Statistical inference may be divided into two major areas: parameter estimation and hypothesis testing

Point Estimate

Montgomery states that "In practice, the engineer will use sample data to compute a number that is in some sense a reasonable value (or guess) of the true mean. This number is called a point estimate."
Discuss examples
A formal definition of a point estimate is

A point estimate of some population parameter $\theta$ is a single numerical value $\hat{\theta}$ of a statistic $\hat{\Theta}$. The statistic $\hat{\Theta}$ is called the point estimate.
Notice the use of the "hat" notation to denote a point estimate

Statistic

Point estimate requires a sample of random observations, say $X_1,X_2,\ldots,X_n$
Any function of the sampled random variables is called a statistic
The function of the random variables is itself a random variable
Thus, the sample mean $\bar{x}$ and the sample variance $s^2$ are both statistics and random variables

Properties of point estimators

We would like point estimates to be both accurate and precise
An unbiased estimator addresses the accuracy criteria
A minimum variance unbiased estimator addresses the precision criteria

Unbiased Estimator

The point estimator $\hat{\Theta}$ is an unbiased estimator for the parameter $\theta$ if

\[ E\left(\hat{\Theta}\right)=\theta \]

If the point estimator is not unbiased, then the difference

\[ E\left(\hat{\Theta}\right)-\theta \]

is called the bias of the estimator $\hat{\Theta}$

MVUE

Montgomery gives the following definition of a minimum variance unbiased estimator (MVUE)

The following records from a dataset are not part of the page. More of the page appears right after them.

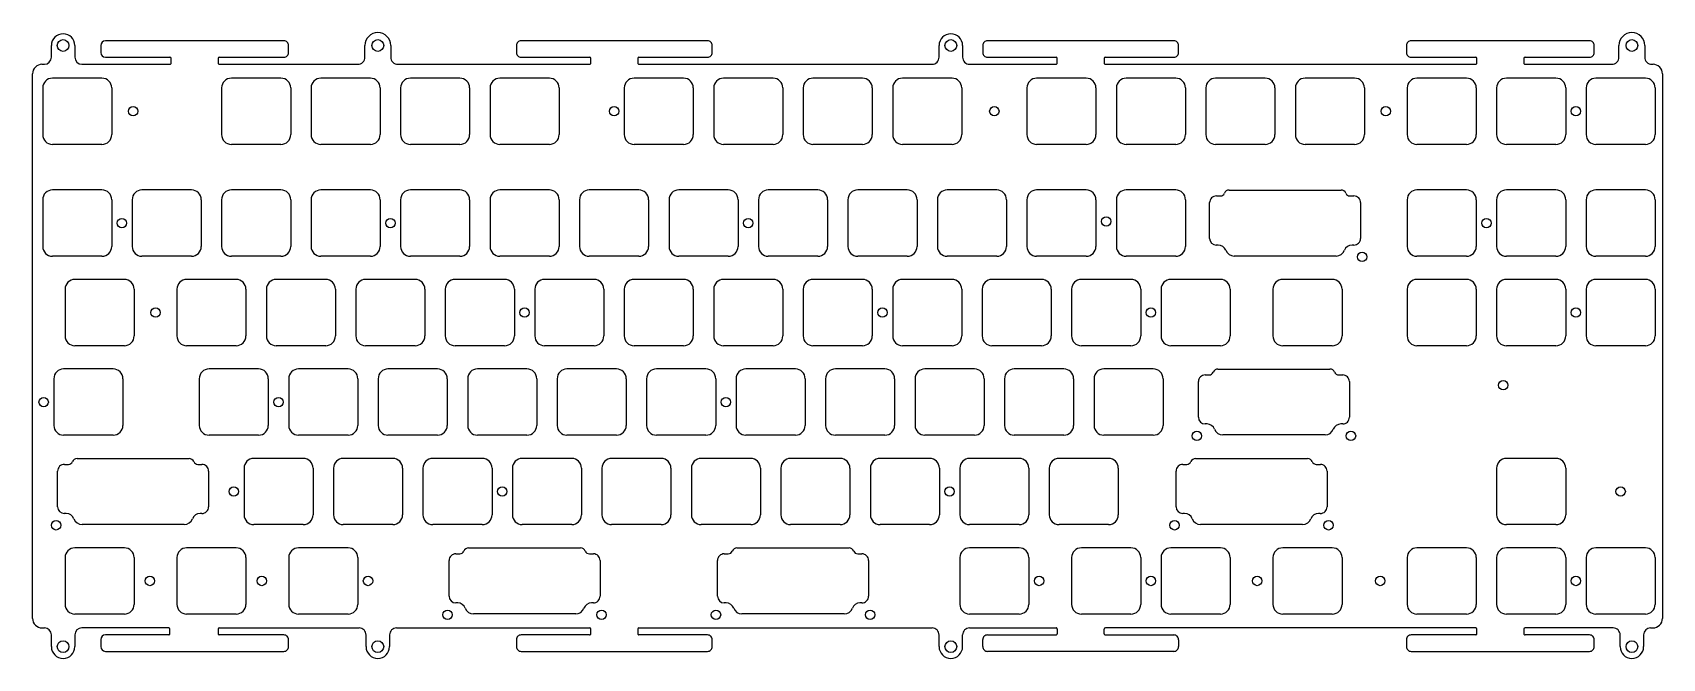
# Model space of a CAD drawing. Header units: millimetres. Extents: x -9 to 338, y -117 to 17.
import ezdxf

# ---------------------------------------------------------------- set-up
doc = ezdxf.new("R2010")
doc.units = ezdxf.units.MM
doc.layers.add('BLACK', color=7, linetype='CONTINUOUS')

msp = doc.modelspace()

# ---------------------------------------------------------------- linework, layer by layer
at = {"layer": 'BLACK', "linetype": 'Continuous'}
for p, q in [((-5.499999, 11.5), (-5.499999, 13.999999)), ((-0.499999, 13.999999), (-0.499999, 11.499999)), ((5.000001, 13.999999), (5.000001, 12.499999)), ((44.000001, 14.999999), (6.000001, 14.999999)), ((45.000001, 12.499999), (45.000001, 13.985828)), ((61.250001, 11.499999), (61.250001, 13.999999)), ((66.750001, 13.999999), (66.750001, 11.499999)), ((93.500001, 13.999999), (93.500001, 12.499999)), ((134.200001, 14.999999), (94.514243, 14.999999)), ((135.200001, 12.499999), (135.200001, 13.985828)), ((183.500001, 11.499999), (183.500001, 13.999999)), ((188.500001, 13.999999), (188.500001, 11.499999)), ((192.800001, 13.999999), (192.800001, 12.499999)), ((233.500001, 14.999999), (193.814243, 14.999999)), ((234.500001, 12.499999), (234.500001, 13.985828)), ((283.000001, 13.999999), (283.000001, 12.499999)), ((322.000001, 14.999999), (284.014243, 14.999999)), ((323.000001, 12.499999), (323.000001, 13.985828)), ((328.250001, 11.499999), (328.250001, 13.999999)), ((333.750001, 13.999999), (333.750001, 11.499999)), ((6.000001, 11.499999), (19.749901, 11.499999)), ((20.000001, 10.249999), (20.000001, 11.25697)), ((30.000001, 11.249899), (30.000001, 10.249899)), ((30.250001, 11.499999), (44.000001, 11.499999)), ((44.000001, 11.500049), (44.000001, 11.499999)), ((66.750001, 11.499999), (66.750049, 11.499999)), ((93.500049, 12.499999), (93.500001, 12.499999)), ((94.500001, 11.499999), (109.099901, 11.499999)), ((109.350001, 10.249999), (109.350001, 11.25697)), ((119.350001, 11.249899), (119.350001, 10.249899)), ((119.600001, 11.499999), (134.200001, 11.499999)), ((134.200001, 11.500049), (134.200001, 11.499999)), ((188.500001, 11.499999), (188.500049, 11.499999)), ((192.800049, 12.499999), (192.800001, 12.499999)), ((193.800001, 11.499999), (208.399901, 11.499999)), ((208.650001, 10.249999), (208.650001, 11.25697)), ((218.650001, 11.249899), (218.650001, 10.249899)), ((218.900001, 11.499999), (233.500001, 11.499999)), ((233.500001, 11.500049), (233.500001, 11.499999)), ((283.000049, 12.499999), (283.000001, 12.499999)), ((284.000001, 11.499999), (297.749901, 11.499999)), ((298.000001, 10.249999), (298.000001, 11.25697)), ((308.000001, 11.249899), (308.000001, 10.249899)), ((308.250001, 11.499999), (322.000001, 11.499999)), ((322.000001, 11.500049), (322.000001, 11.499999)), ((333.750001, 11.499999), (333.750049, 11.499999)), ((-9.499999, -108.000001), (-9.499999, 8)), ((-7.499999, 9.999999), (-7, 9.999999)), ((5.275001, 7.05), (-5.274995, 7.05)), ((1.000001, 9.999999), (19.750001, 9.999999)), ((19.750001, 9.999999), (19.750001, 10.000049)), ((30.249801, 9.999999), (59.750001, 9.999999)), ((43.375, 7.05), (32.824999, 7.05)), ((62.425, 7.05), (51.874999, 7.05)), ((59.750001, 9.999999), (59.750001, 10.000049)), ((68.250001, 9.999999), (109.100001, 9.999999)), ((81.475, 7.05), (70.924999, 7.05)), ((100.525, 7.05), (89.974999, 7.05)), ((109.100001, 9.999999), (109.100001, 10.000049)), ((118.550001, 7.049999), (118.550001, 7.05)), ((129.100001, 7.05), (118.550001, 7.05)), ((119.599801, 9.999999), (182.000001, 9.999999)), ((137.600001, 7.049999), (137.600001, 7.05)), ((148.150001, 7.05), (137.600001, 7.05)), ((156.650001, 7.049999), (156.650001, 7.05)), ((167.200001, 7.05), (156.650001, 7.05)), ((186.25, 7.05), (175.699999, 7.05)), ((182.000001, 9.999999), (182.000001, 10.000049)), ((190.000001, 9.999999), (208.400001, 9.999999)), ((214.825, 7.05), (204.274999, 7.05)), ((208.400001, 9.999999), (208.400001, 10.000049)), ((218.899801, 9.999999), (297.750001, 9.999999)), ((233.875, 7.05), (223.324999, 7.05)), ((252.925, 7.05), (242.374999, 7.05)), ((261.425001, 7.049999), (261.425001, 7.05)), ((271.975001, 7.05), (261.425001, 7.05)), ((285.237501, 7.049999), (285.237501, 7.05)), ((295.787501, 7.05), (285.237501, 7.05)), ((297.750001, 9.999999), (297.750001, 10.000049)), ((304.287501, 7.049999), (304.287501, 7.05)), ((314.837501, 7.05), (304.287501, 7.05)), ((308.249801, 9.999999), (326.750001, 9.999999)), ((323.337501, 7.049999), (323.337501, 7.05)), ((333.887501, 7.05), (323.337501, 7.05)), ((326.750001, 9.999999), (326.750001, 10.000049)), ((335.250001, 9.999999), (335.500001, 9.999999)), ((337.500001, 7.98), (337.500001, -108.000001)), ((-7.349999, 4.974996), (-7.349999, -4.974998)), ((7.350001, 4.974999), (7.350001, -4.975001)), ((30.75, 4.975), (30.75, -4.975001)), ((45.45, 4.975), (45.45, -4.975)), ((49.8, 4.975), (49.8, -4.975001)), ((64.5, 4.975), (64.5, -4.975)), ((68.85, 4.975), (68.85, -4.975001)), ((83.55, 4.975), (83.55, -4.975)), ((87.9, 4.975), (87.9, -4.975001)), ((102.6, 4.975), (102.6, -4.975)), ((116.475001, 4.974999), (116.475001, -4.975001)), ((131.175001, 4.974999), (131.175001, -4.975001)), ((135.525001, 4.974999), (135.525001, -4.975001)), ((150.225001, 4.974999), (150.225001, -4.975001)), ((154.575001, 4.974999), (154.575001, -4.975001)), ((169.275001, 4.974999), (169.275001, -4.975001)), ((173.625, 4.975), (173.625, -4.975001)), ((188.325, 4.975), (188.325, -4.975)), ((202.2, 4.975), (202.2, -4.975001)), ((216.9, 4.975), (216.9, -4.975)), ((221.25, 4.975), (221.25, -4.975001)), ((235.95, 4.975), (235.95, -4.975)), ((240.3, 4.975), (240.3, -4.975001)), ((255, 4.975), (255, -4.975)), ((259.350001, 4.974999), (259.350001, -4.975001)), ((274.050001, 4.974999), (274.050001, -4.975001)), ((283.162501, 4.974999), (283.162501, -4.975001)), ((297.862501, 4.974999), (297.862501, -4.975001)), ((302.212501, 4.974999), (302.212501, -4.975001)), ((316.912501, 4.974999), (316.912501, -4.975001)), ((321.262501, 4.974999), (321.262501, -4.975001)), ((335.962501, 4.974999), (335.962501, -4.975001)), ((5.275001, -7.05), (-5.274997, -7.05)), ((5.275001, -7.050001), (5.275001, -7.05)), ((43.375, -7.05), (32.825, -7.05)), ((62.425, -7.05), (51.875, -7.05)), ((81.475, -7.05), (70.925, -7.05)), ((100.525, -7.05), (89.975, -7.05)), ((129.100001, -7.05), (118.550001, -7.05)), ((129.100001, -7.050001), (129.100001, -7.05)), ((148.150001, -7.05), (137.600001, -7.05)), ((148.150001, -7.050001), (148.150001, -7.05)), ((167.200001, -7.05), (156.650001, -7.05)), ((167.200001, -7.050001), (167.200001, -7.05)), ((186.25, -7.05), (175.7, -7.05)), ((214.825, -7.05), (204.275, -7.05)), ((233.875, -7.05), (223.325, -7.05)), ((252.925, -7.05), (242.375, -7.05)), ((271.975001, -7.05), (261.425001, -7.05)), ((271.975001, -7.050001), (271.975001, -7.05)), ((295.787501, -7.05), (285.237501, -7.05)), ((295.787501, -7.050001), (295.787501, -7.05)), ((314.837501, -7.05), (304.287501, -7.05)), ((314.837501, -7.050001), (314.837501, -7.05)), ((333.887501, -7.05), (323.337501, -7.05)), ((333.887501, -7.050001), (333.887501, -7.05)), ((5.275001, -16.7625), (-5.274993, -16.7625)), ((13.775001, -16.762501), (13.775001, -16.7625)), ((24.325001, -16.7625), (13.775001, -16.7625)), ((32.825001, -16.762501), (32.825001, -16.7625)), ((43.375001, -16.7625), (32.825001, -16.7625)), ((51.875001, -16.762501), (51.875001, -16.7625)), ((62.425001, -16.7625), (51.875001, -16.7625)), ((70.925001, -16.762501), (70.925001, -16.7625)), ((81.475001, -16.7625), (70.925001, -16.7625)), ((89.975001, -16.762501), (89.975001, -16.7625)), ((100.525001, -16.7625), (89.975001, -16.7625)), ((109.025001, -16.762501), (109.025001, -16.7625)), ((119.575001, -16.7625), (109.025001, -16.7625)), ((128.075001, -16.762501), (128.075001, -16.7625)), ((138.625001, -16.7625), (128.075001, -16.7625)), ((147.125001, -16.762501), (147.125001, -16.7625)), ((157.675001, -16.7625), (147.125001, -16.7625)), ((166.175001, -16.762501), (166.175001, -16.7625)), ((176.725001, -16.7625), (166.175001, -16.7625)), ((195.775001, -16.762501), (185.225001, -16.762501)), ((214.825001, -16.762501), (204.275001, -16.762501)), ((233.875001, -16.762501), (223.325001, -16.762501)), ((245.247375, -16.784911), (245.247375, -16.7849)), ((245.247375, -16.7849), (269.102575, -16.7849)), ((285.237501, -16.762501), (285.237501, -16.7625)), ((295.787501, -16.7625), (285.237501, -16.7625)), ((304.287501, -16.762501), (304.287501, -16.7625)), ((314.837501, -16.7625), (304.287501, -16.7625)), ((323.337501, -16.762501), (323.337501, -16.7625)), ((333.887501, -16.7625), (323.337501, -16.7625)), ((-7.349999, -18.837506), (-7.349999, -28.787498)), ((7.350001, -18.837501), (7.350001, -28.787501)), ((11.700001, -18.837501), (11.700001, -28.787501)), ((26.400001, -18.837501), (26.400001, -28.787501)), ((30.750001, -18.837501), (30.750001, -28.787501)), ((45.450001, -18.837501), (45.450001, -28.787501)), ((49.800001, -18.837501), (49.800001, -28.787501)), ((64.500001, -18.837501), (64.500001, -28.787501)), ((68.850001, -18.837501), (68.850001, -28.787501)), ((83.550001, -18.837501), (83.550001, -28.787501)), ((87.900001, -18.837501), (87.900001, -28.787501)), ((102.600001, -18.837501), (102.600001, -28.787501)), ((106.950001, -18.837501), (106.950001, -28.787501)), ((121.650001, -18.837501), (121.650001, -28.787501)), ((126.000001, -18.837501), (126.000001, -28.787501)), ((140.700001, -18.837501), (140.700001, -28.787501)), ((145.050001, -18.837501), (145.050001, -28.787501)), ((159.750001, -18.837501), (159.750001, -28.787501)), ((164.100001, -18.837501), (164.100001, -28.787501)), ((178.800001, -18.837501), (178.800001, -28.787501)), ((183.150001, -18.837501), (183.150001, -28.787501)), ((197.850001, -18.837501), (197.850001, -28.787501)), ((202.200001, -18.837501), (202.200001, -28.787501)), ((216.900001, -18.837501), (216.900001, -28.787501)), ((221.250001, -18.837501), (221.250001, -28.787501)), ((235.950001, -18.837501), (235.950001, -28.787501)), ((241.099485, -27.06294), (241.099485, -19.4622)), ((242.536512, -18.03706), (243.390075, -18.03706)), ((243.390075, -18.037048), (243.390075, -18.03706)), ((270.959775, -18.03706), (271.825375, -18.03706)), ((273.250365, -19.46206), (273.250365, -27.0629)), ((283.162501, -18.837501), (283.162501, -28.787501)), ((297.862501, -18.837501), (297.862501, -28.787501)), ((302.212501, -18.837501), (302.212501, -28.787501)), ((316.912501, -18.837501), (316.912501, -28.787501)), ((321.262501, -18.837501), (321.262501, -28.787501)), ((335.962501, -18.837501), (335.962501, -28.787501)), ((5.275001, -30.8625), (-5.274997, -30.8625)), ((5.275001, -30.862501), (5.275001, -30.8625)), ((24.325001, -30.8625), (13.775001, -30.8625)), ((24.325001, -30.862501), (24.325001, -30.8625)), ((43.375001, -30.8625), (32.825001, -30.8625)), ((43.375001, -30.862501), (43.375001, -30.8625)), ((62.425001, -30.8625), (51.875001, -30.8625)), ((62.425001, -30.862501), (62.425001, -30.8625)), ((81.475001, -30.8625), (70.925001, -30.8625)), ((81.475001, -30.862501), (81.475001, -30.8625)), ((100.525001, -30.8625), (89.975001, -30.8625)), ((100.525001, -30.862501), (100.525001, -30.8625)), ((119.575001, -30.8625), (109.025001, -30.8625)), ((119.575001, -30.862501), (119.575001, -30.8625)), ((138.625001, -30.8625), (128.075001, -30.8625)), ((138.625001, -30.862501), (138.625001, -30.8625)), ((157.675001, -30.8625), (147.125001, -30.8625)), ((157.675001, -30.862501), (157.675001, -30.8625)), ((176.725001, -30.8625), (166.175001, -30.8625)), ((176.725001, -30.862501), (176.725001, -30.8625)), ((195.775001, -30.862501), (185.225001, -30.862501)), ((214.825001, -30.862501), (204.275001, -30.862501)), ((233.875001, -30.862501), (223.325001, -30.862501)), ((242.928575, -28.48794), (242.524475, -28.48794)), ((268.050425, -30.82441), (246.299575, -30.82441)), ((271.813458, -28.48794), (271.421325, -28.48794)), ((295.787501, -30.8625), (285.237501, -30.8625)), ((295.787501, -30.862501), (295.787501, -30.8625)), ((314.837501, -30.8625), (304.287501, -30.8625)), ((314.837501, -30.862501), (314.837501, -30.8625)), ((333.887501, -30.8625), (323.337501, -30.8625)), ((333.887501, -30.862501), (333.887501, -30.8625)), ((-2.587499, -37.887506), (-2.587499, -47.837498)), ((10.037501, -35.8125), (-0.512493, -35.8125)), ((12.112501, -37.887501), (12.112501, -47.837501)), ((21.225001, -37.887501), (21.225001, -47.837501)), ((23.300001, -35.812501), (23.300001, -35.8125)), ((33.850001, -35.8125), (23.300001, -35.8125)), ((35.925001, -37.887501), (35.925001, -47.837501)), ((40.275001, -37.887501), (40.275001, -47.837501)), ((42.350001, -35.812501), (42.350001, -35.8125)), ((52.900001, -35.8125), (42.350001, -35.8125)), ((54.975001, -37.887501), (54.975001, -47.837501)), ((59.325001, -37.887501), (59.325001, -47.837501)), ((61.400001, -35.812501), (61.400001, -35.8125)), ((71.950001, -35.8125), (61.400001, -35.8125)), ((74.025001, -37.887501), (74.025001, -47.837501)), ((78.375001, -37.887501), (78.375001, -47.837501)), ((80.450001, -35.812501), (80.450001, -35.8125)), ((91.000001, -35.8125), (80.450001, -35.8125)), ((93.075001, -37.887501), (93.075001, -47.837501)), ((97.425001, -37.887501), (97.425001, -47.837501)), ((99.500001, -35.812501), (99.500001, -35.8125)), ((110.050001, -35.8125), (99.500001, -35.8125)), ((112.125001, -37.887501), (112.125001, -47.837501)), ((116.475001, -37.887501), (116.475001, -47.837501)), ((118.550001, -35.812501), (118.550001, -35.8125)), ((129.100001, -35.8125), (118.550001, -35.8125)), ((131.175001, -37.887501), (131.175001, -47.837501)), ((135.525001, -37.887501), (135.525001, -47.837501)), ((137.600001, -35.812501), (137.600001, -35.8125)), ((148.150001, -35.8125), (137.600001, -35.8125)), ((150.225001, -37.887501), (150.225001, -47.837501)), ((154.575001, -37.887501), (154.575001, -47.837501)), ((156.650001, -35.812501), (156.650001, -35.8125)), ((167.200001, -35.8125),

If we consider all unbiased estimators of $\theta$, the one with the smallest variance is called the minimum variance unbiased estimator
An import fact is that the sample mean $\bar{x}$ is the MVUE for $\mu$ when the data comes from a normal distribution

Accuracy vs. Precision

graph of accuracy vs. precision

Sampling Distribution

The probability distribution of a statistic is called a sampling distribution

Central Limit Theorem

Definition of the Central Limit Theorem is

If $X_1,X_2,\ldots,X_n$ is a random sample of size $n$ taken from a population (either finite or infinite) with mean $\mu$ and finite variance $\sigma^2$, and if $\overline{X}$ is the sample mean, the limiting form of the distribution of

\[ Z=\frac{\overline{X}-\mu}{\sigma/\sqrt{n}} \]

as $n\rightarrow\infty$, is the standard normal distribution

Important result because for sufficiently large $n$, the sampling distribution of $\overline{X}$ is normally distribution
This is a fundamental result that will be used extensively in the next four chapters of the textbook.